Making a drug out of that decoy would prove tricky, since the receptor, like her2, also shows up on noncancerous cells. Researchers are now learning, however, that normal cells are more adept than cancer cells at finding other growth factors on which to rely when EGFR is blocked. But when Mendelsohn applied for his first grant from the National Cancer Institute in 1983, he was rejected. "Nobody thought it would work," he says. The following year he turned to philanthropic sources for research dollars. Last year he wowed colleagues with a compound called imc-c225, which proved effective in treating colon tumors in a small number of patients.
Then just this year researchers at Sloan-Kettering showed that the drug could dramatically boost the effectiveness of standard colorectal-cancer chemotherapy, shrinking tumors in more than a fifth of otherwise hopeless cases. Says Sloan-Kettering's Saltz: "The fact that we got a 20% response rate is staggering." What is happening, he surmises, is that the growth-factor inhibitor weakens the tumor enough for chemotherapy to finish it off.
Buoyed by those results, Saltz will begin testing imc-c225 in less advanced patients this summer. And because combination therapy seemed to work so well, he is combining the EGFR inhibitor with not one but two chemotherapy agents to pack a triple punch.
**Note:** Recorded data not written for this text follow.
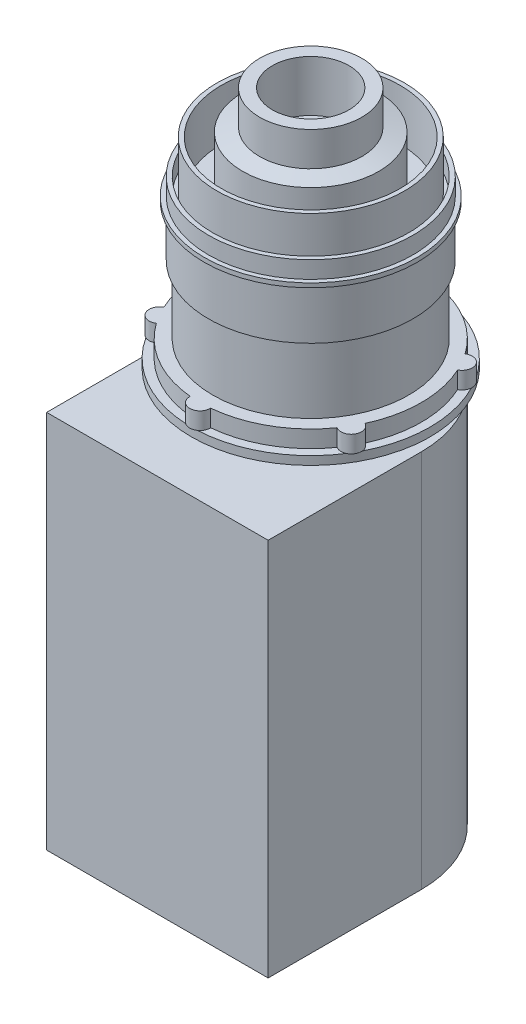
SolidWorks part; units mm, degrees
ref_plane "Front Plane" through (0, 0, 0) normal (0, 0, 1) x (1, 0, 0)
ref_plane "Top Plane" through (0, 0, 0) normal (0, 1, 0) x (1, 0, 0)
ref_plane "Right Plane" through (0, 0, 0) normal (1, 0, 0) x (0, 0, -1)
sketch "Sketch1" plane through (0, 0, 0) normal (0, 1, 0) x (1, 0, 0)
  line L0 (-41.275, 0) -> (41.275, 0)
  line L1 (-41.275, 0) -> (-41.275, 57.15)
  line L2 (41.275, 0) -> (41.275, 57.15)
  line L3 (41.275, 57.15) -> (-41.275, 57.15) construction
  line L4 (0, 85.4181) -> (0, -26.5122) construction
  arc A0 (-41.275, 57.15) -> (41.275, 57.15) centre (0, 57.15) cw
  dimension "D1" = 82.55
  dimension "D2" = 41.275
  dimension "D3" = 57.15
extrude "Boss-Extrude1" add sketch "Sketch1" along normal blind 139.7
shell "Shell1" thickness 1.5875
sketch "Sketch2" plane through (0, 139.7, 0) normal (0, 1, 0) x (1, 0, 0)
  line L6 (41.275, 0) -> (41.275, 57.15) construction
  line L7 (-41.275, 0) -> (41.275, 0) construction
  line L8 (-41.275, 0) -> (-41.275, 57.15) construction
  line L9 (41.275, 0) -> (41.275, 57.15)
  line L10 (-41.275, 0) -> (41.275, 0)
  line L11 (-41.275, 0) -> (-41.275, 57.15)
  arc A2 (41.275, 57.15) -> (-41.275, 57.15) centre (0, 57.15) ccw construction
  arc A3 (41.275, 57.15) -> (-41.275, 57.15) centre (0, 57.15) ccw
extrude "Boss-Extrude2" add sketch "Sketch2" along normal blind 1.5875
sketch "Sketch3" plane through (0, 141.2875, 0) normal (0, 1, 0) x (1, 0, 0)
  circle A0 centre (0, 57.15) radius 31.75
  dimension "D1" = 63.5
extrude "Boss-Extrude3" add sketch "Sketch3" along normal blind 6.35
sketch "Sketch4" plane through (0, 147.6375, 0) normal (0, 1, 0) x (1, 0, 0)
  circle A0 centre (0, 57.15) radius 44.45
  dimension "D1" = 88.9
extrude "Boss-Extrude4" add sketch "Sketch4" along normal blind 3.175
sketch "Sketch5" plane through (0, 150.8125, 0) normal (0, 1, 0) x (1, 0, 0)
  arc A0 (-3.8059, 98.2492) -> (-33.6899, 80.9956) centre (0, 57.15) ccw
  arc A1 (-3.8059, 98.2492) -> (3.8059, 98.2492) centre (0, 98.425) cw
  arc A2 (33.6899, 80.9956) -> (37.4959, 74.4035) centre (35.7452, 77.7875) cw
  arc A3 (37.4959, 39.8965) -> (33.6899, 33.3044) centre (35.7452, 36.5125) cw
  arc A4 (3.8059, 16.0508) -> (-3.8059, 16.0508) centre (0, 15.875) cw
  arc A5 (-33.6899, 33.3044) -> (-37.4959, 39.8965) centre (-35.7452, 36.5125) cw
  arc A6 (-37.4959, 74.4035) -> (-33.6899, 80.9956) centre (-35.7452, 77.7875) cw
  arc A7 (-37.4959, 74.4035) -> (-37.4959, 39.8965) centre (0, 57.15) ccw
  arc A8 (-33.6899, 33.3044) -> (-3.8059, 16.0508) centre (0, 57.15) ccw
  arc A9 (3.8059, 16.0508) -> (33.6899, 33.3044) centre (0, 57.15) ccw
  arc A10 (37.4959, 39.8965) -> (37.4959, 74.4035) centre (0, 57.15) ccw
  arc A11 (33.6899, 80.9956) -> (3.8059, 98.2492) centre (0, 57.15) ccw
  dimension "D1" = 82.55
  dimension "D2" = 3.81
  dimension "D3" = 6
extrude "Boss-Extrude5" add sketch "Sketch5" along normal blind 6.35
sketch "Sketch6" plane through (0, 157.1625, 0) normal (0, 1, 0) x (1, 0, 0)
  circle A0 centre (0, 57.15) radius 36.5125
  dimension "D1" = 73.025
extrude "Boss-Extrude6" add sketch "Sketch6" along normal blind 25.4
sketch "Sketch8" plane through (0, 182.5625, 0) normal (0, 1, 0) x (1, 0, 0)
  circle A0 centre (0, 57.15) radius 38.1
  dimension "D1" = 76.2
extrude "Boss-Extrude7" add sketch "Sketch8" along normal blind 19.05
sketch "Sketch9" plane through (0, 201.6125, 0) normal (0, 1, 0) x (1, 0, 0)
  line L0 (41.275, 57.15) -> (-41.275, 57.15) construction
  circle A0 centre (0, 57.15) radius 39.6875
  dimension "D1" = 79.375
extrude "Boss-Extrude8" add sketch "Sketch9" along normal blind 1.5875
sketch "Sketch10" plane through (0, 203.2, 0) normal (0, 1, 0) x (1, 0, 0)
  circle A0 centre (0, 57.15) radius 38.1
  circle A1 centre (0, 57.15) radius 36.5125
  dimension "D1" = 76.2
  dimension "D2" = 73.025
extrude "Boss-Extrude9" add sketch "Sketch10" along normal blind 6.35
sketch "Sketch12" plane through (0, 203.2, 0) normal (0, 1, 0) x (1, 0, 0)
  circle A0 centre (0, 57.15) radius 34.925
  circle A1 centre (0, 57.15) radius 33.3375
  dimension "D1" = 69.85
  dimension "D2" = 66.675
extrude "Boss-Extrude10" add sketch "Sketch12" along normal blind 19.05
sketch "Sketch14" plane through (0, 0, 0) normal (1, 0, 0) x (0, 0, -1)
  line L0 (57.15, 235.4929) -> (57.15, 105.0033) construction
  line L1 (57.15, 238.125) -> (76.2, 238.125)
  line L2 (76.2, 238.125) -> (76.2, 225.425)
  line L3 (76.2, 225.425) -> (82.55, 223.8375)
  line L4 (82.55, 223.8375) -> (82.55, 203.2)
  line L5 (90.4875, 203.2) -> (23.8125, 203.2) construction
  line L6 (82.55, 203.2) -> (57.15, 203.2)
  line L7 (57.15, 203.2) -> (57.15, 238.125)
  dimension "D1" = 57.15
  dimension "D2" = 19.05
  dimension "D3" = 34.925
  dimension "D4" = 20.6375
  dimension "D5" = 25.4
  dimension "D6" = 12.7
revolve "Revolve1" add sketch "Sketch14" angle 360 about L0
sketch "Sketch15" plane through (0, 238.125, 0) normal (0, 1, 0) x (1, 0, 0)
  circle A0 centre (0, 57.15) radius 14.2875
  dimension "D1" = 28.575
extrude "Cut-Extrude1" cut sketch "Sketch15" against normal blind 19.05
equation "\"3.2.500in\"=3"
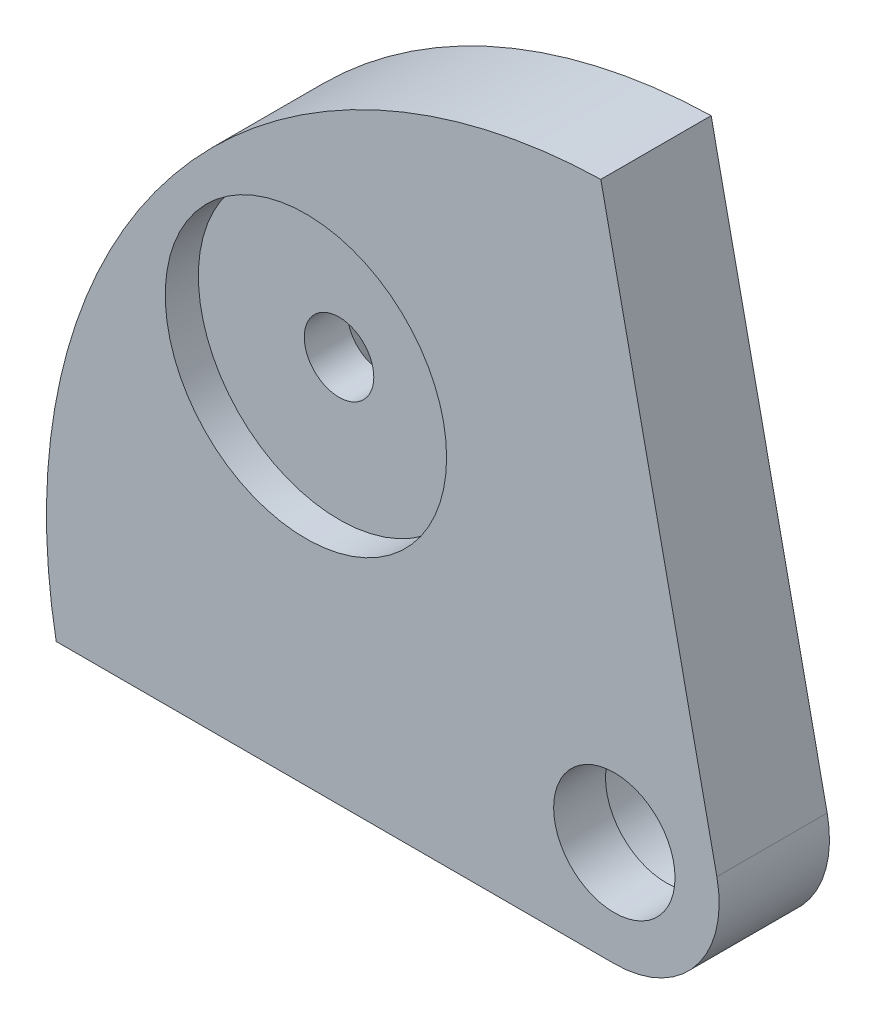
SolidWorks part; units mm, degrees
material "2024 Alloy"
ref_plane "Front Plane" through (0, 0, 0) normal (0, 0, 1) x (1, 0, 0)
ref_plane "Top Plane" through (0, 0, 0) normal (0, 1, 0) x (1, 0, 0)
ref_plane "Right Plane" through (0, 0, 0) normal (1, 0, 0) x (0, 0, -1)
sketch "Sketch4" plane through (0, 0, 0) normal (0, 0, 1) x (1, 0, 0)
  line L0 (0, 0) -> (9.2924, 1.9752) construction
  line L4 (0, 0) -> (-39.9969, 32.3889) construction
  line L5 (0, 0) -> (7.3829, -5.9785) construction
  line L6 (0, 0) -> (0, -9.5) construction
  line L14 (9.2924, 1.9752) -> (-1.2242, 51.4519)
  line L15 (0, -9.5) -> (-50.5821, -9.5)
  circle A2 centre (0, 0) radius 5.5
  circle A6 centre (-27.9512, 22.6344) radius 3
  arc A7 (0, -9.5) -> (9.2924, 1.9752) centre (0, 0) ccw
  arc A8 (-1.2242, 51.4519) -> (-50.5821, -9.5) centre (0, 0) ccw
  point P2 (-27.9512, 22.6344)
  dimension "D1" = 15.5
  dimension "D2" = 35.9665
  dimension "D3" = 9.5
  dimension "D4" = 129
  dimension "D5" = 11
  dimension "D6" = 129
  dimension "D7" = 39
  dimension "D8" = 39
other "AlignGroup1"
extrude "Boss-Extrude2" add sketch "Sketch4" along normal blind 10
hole_wizard "CSK for M6 Hex Socket Countersunk Cap Screw1" positions "Sketch5" profile "Sketch6" countersink size "M6" standard "ISO" end condition through all
sketch "Sketch5" plane through (0, 0, 0) normal (0, 0, -1) x (-1, 0, 0)
  point P0 (27.9512, 22.6344)
sketch "Sketch6" plane through (-27.9512, 22.6344, 0) normal (1, 0, 0) x (0, 1, 0)
  line L0 (0, 0) -> (0, 10)
  line L1 (0, 10) -> (3.15, 10)
  line L2 (3.15, 10) -> (3.15, 3.1)
  line L3 (3.15, 3.1) -> (6.25, 0)
  line L5 (6.25, 0) -> (0, 0)
  line L6 (-3.15, 3.1) -> (-6.25, 0) construction
  line L11 (0, -6.35) -> (0, 107.95) construction
  dimension "Thru Hole Dia." = 6.3
  dimension "Thru Hole Depth" = 10
  dimension "Near C'Sink Dia." = 12.5
  dimension "Near C'Sink Angle" = 90
sketch "Sketch7" plane through (0, 0, 0) normal (0, 0, -1) x (-1, 0, 0)
  circle A0 centre (0, 0) radius 6.65
extrude "Cut-Extrude1" cut sketch "Sketch7" against normal blind 5.3
sketch "Sketch8" plane through (0, 0, 10) normal (0, 0, 1) x (1, 0, 0)
  circle A0 centre (-27.9512, 22.6344) radius 12.75
extrude "Cut-Extrude2" cut sketch "Sketch8" against normal blind 3

Those are only two drugs that keep EGF from doing its job. Gleevec, which reversed Reiter's and Ferber's leukemia so dramatically, is another; so is Tarceva, a drug from OSI Pharmaceuticals in Uniondale, N.Y., which is showing promise against some lung tumors as well as head and neck cancers. Neither of these compounds keeps EGF from docking with cells; instead, each worms its way inside the cells, where it intercepts growth messages percolating in from the surface. Astra Zeneca, headquartered in London, is testing a similar compound, Iressa, against some lung, stomach and prostate cancers.
And that's just the start. Gleevec, Tarceva and Iressa all break one of the most common signaling pathways by blocking an enzyme known as a tyrosine kinase. But the message that encourages a cancer cell to grow involves hundreds of biochemical signals that can travel by hundreds of different pathways. Each of those pathways represents a target, a link that could be interrupted with the properly designed drug.